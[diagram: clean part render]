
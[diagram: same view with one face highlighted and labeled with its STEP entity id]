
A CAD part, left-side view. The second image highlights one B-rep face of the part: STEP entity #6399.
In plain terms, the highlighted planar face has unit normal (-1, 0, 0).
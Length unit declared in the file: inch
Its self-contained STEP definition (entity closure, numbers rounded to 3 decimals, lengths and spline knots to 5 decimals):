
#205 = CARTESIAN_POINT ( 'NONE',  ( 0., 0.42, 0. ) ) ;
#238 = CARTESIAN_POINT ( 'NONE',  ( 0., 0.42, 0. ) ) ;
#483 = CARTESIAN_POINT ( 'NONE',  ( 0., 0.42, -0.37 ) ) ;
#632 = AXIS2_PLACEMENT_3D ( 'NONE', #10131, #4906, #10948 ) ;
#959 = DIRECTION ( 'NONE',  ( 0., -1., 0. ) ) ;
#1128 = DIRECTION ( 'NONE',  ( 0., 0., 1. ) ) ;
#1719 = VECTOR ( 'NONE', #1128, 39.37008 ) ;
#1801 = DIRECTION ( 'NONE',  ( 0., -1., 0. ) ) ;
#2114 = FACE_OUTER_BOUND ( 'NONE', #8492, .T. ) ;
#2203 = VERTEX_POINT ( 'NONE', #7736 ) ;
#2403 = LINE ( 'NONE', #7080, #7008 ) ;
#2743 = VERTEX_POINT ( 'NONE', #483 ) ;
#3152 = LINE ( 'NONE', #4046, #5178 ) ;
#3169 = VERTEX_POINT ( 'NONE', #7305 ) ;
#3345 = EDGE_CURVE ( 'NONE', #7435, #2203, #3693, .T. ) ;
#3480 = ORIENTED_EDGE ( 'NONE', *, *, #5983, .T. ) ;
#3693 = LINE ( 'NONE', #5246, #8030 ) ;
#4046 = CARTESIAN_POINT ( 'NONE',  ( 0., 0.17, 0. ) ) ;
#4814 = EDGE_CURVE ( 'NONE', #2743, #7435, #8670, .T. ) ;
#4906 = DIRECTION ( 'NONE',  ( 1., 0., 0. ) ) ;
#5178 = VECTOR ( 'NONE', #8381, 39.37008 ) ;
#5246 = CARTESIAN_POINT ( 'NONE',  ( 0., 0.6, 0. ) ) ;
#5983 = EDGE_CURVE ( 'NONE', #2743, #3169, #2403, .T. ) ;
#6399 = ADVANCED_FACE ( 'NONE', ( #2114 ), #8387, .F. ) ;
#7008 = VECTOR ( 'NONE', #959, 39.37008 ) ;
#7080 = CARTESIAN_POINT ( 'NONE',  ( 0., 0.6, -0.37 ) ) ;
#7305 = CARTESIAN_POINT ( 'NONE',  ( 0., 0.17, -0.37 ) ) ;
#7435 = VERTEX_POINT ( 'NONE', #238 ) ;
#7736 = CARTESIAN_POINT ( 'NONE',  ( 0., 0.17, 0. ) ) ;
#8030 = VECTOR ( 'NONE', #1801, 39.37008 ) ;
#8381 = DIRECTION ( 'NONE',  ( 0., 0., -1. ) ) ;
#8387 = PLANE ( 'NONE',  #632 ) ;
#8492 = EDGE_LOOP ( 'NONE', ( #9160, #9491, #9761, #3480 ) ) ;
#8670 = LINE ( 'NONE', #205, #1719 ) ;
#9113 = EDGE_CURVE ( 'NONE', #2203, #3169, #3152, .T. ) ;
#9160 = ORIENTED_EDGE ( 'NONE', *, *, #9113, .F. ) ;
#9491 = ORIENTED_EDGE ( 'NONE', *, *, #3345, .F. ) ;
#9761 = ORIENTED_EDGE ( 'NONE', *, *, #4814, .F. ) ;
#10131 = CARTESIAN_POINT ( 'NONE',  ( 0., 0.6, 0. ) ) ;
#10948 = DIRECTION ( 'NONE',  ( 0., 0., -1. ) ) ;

——————————

== Work to be completed ==
Nothing in the entries may change. Retype them all.

== Answer for the task ==
[diagram: clean part render]
[diagram: same view with one face highlighted and labeled with its STEP entity id]
A CAD part, left-side view. The second image highlights one B-rep face of the part: STEP entity #6399.
In plain terms, the highlighted planar face has unit normal (-1, 0, 0).
Length unit declared in the file: inch
Its self-contained STEP definition (entity closure, numbers rounded to 3 decimals, lengths and spline knots to 5 decimals):
#205 = CARTESIAN_POINT ( 'NONE',  ( 0., 0.42, 0. ) ) ;
#238 = CARTESIAN_POINT ( 'NONE',  ( 0., 0.42, 0. ) ) ;
#483 = CARTESIAN_POINT ( 'NONE',  ( 0., 0.42, -0.37 ) ) ;
#632 = AXIS2_PLACEMENT_3D ( 'NONE', #10131, #4906, #10948 ) ;
#959 = DIRECTION ( 'NONE',  ( 0., -1., 0. ) ) ;
#1128 = DIRECTION ( 'NONE',  ( 0., 0., 1. ) ) ;
#1719 = VECTOR ( 'NONE', #1128, 39.37008 ) ;
#1801 = DIRECTION ( 'NONE',  ( 0., -1., 0. ) ) ;
#2114 = FACE_OUTER_BOUND ( 'NONE', #8492, .T. ) ;
#2203 = VERTEX_POINT ( 'NONE', #7736 ) ;
#2403 = LINE ( 'NONE', #7080, #7008 ) ;
#2743 = VERTEX_POINT ( 'NONE', #483 ) ;
#3152 = LINE ( 'NONE', #4046, #5178 ) ;
#3169 = VERTEX_POINT ( 'NONE', #7305 ) ;
#3345 = EDGE_CURVE ( 'NONE', #7435, #2203, #3693, .T. ) ;
#3480 = ORIENTED_EDGE ( 'NONE', *, *, #5983, .T. ) ;
#3693 = LINE ( 'NONE', #5246, #8030 ) ;
#4046 = CARTESIAN_POINT ( 'NONE',  ( 0., 0.17, 0. ) ) ;
#4814 = EDGE_CURVE ( 'NONE', #2743, #7435, #8670, .T. ) ;
#4906 = DIRECTION ( 'NONE',  ( 1., 0., 0. ) ) ;
#5178 = VECTOR ( 'NONE', #8381, 39.37008 ) ;
#5246 = CARTESIAN_POINT ( 'NONE',  ( 0., 0.6, 0. ) ) ;
#5983 = EDGE_CURVE ( 'NONE', #2743, #3169, #2403, .T. ) ;
#6399 = ADVANCED_FACE ( 'NONE', ( #2114 ), #8387, .F. ) ;
#7008 = VECTOR ( 'NONE', #959, 39.37008 ) ;
#7080 = CARTESIAN_POINT ( 'NONE',  ( 0., 0.6, -0.37 ) ) ;
#7305 = CARTESIAN_POINT ( 'NONE',  ( 0., 0.17, -0.37 ) ) ;
#7435 = VERTEX_POINT ( 'NONE', #238 ) ;
#7736 = CARTESIAN_POINT ( 'NONE',  ( 0., 0.17, 0. ) ) ;
#8030 = VECTOR ( 'NONE', #1801, 39.37008 ) ;
#8381 = DIRECTION ( 'NONE',  ( 0., 0., -1. ) ) ;
#8387 = PLANE ( 'NONE',  #632 ) ;
#8492 = EDGE_LOOP ( 'NONE', ( #9160, #9491, #9761, #3480 ) ) ;
#8670 = LINE ( 'NONE', #205, #1719 ) ;
#9113 = EDGE_CURVE ( 'NONE', #2203, #3169, #3152, .T. ) ;
#9160 = ORIENTED_EDGE ( 'NONE', *, *, #9113, .F. ) ;
#9491 = ORIENTED_EDGE ( 'NONE', *, *, #3345, .F. ) ;
#9761 = ORIENTED_EDGE ( 'NONE', *, *, #4814, .F. ) ;
#10131 = CARTESIAN_POINT ( 'NONE',  ( 0., 0.6, 0. ) ) ;
#10948 = DIRECTION ( 'NONE',  ( 0., 0., -1. ) ) ;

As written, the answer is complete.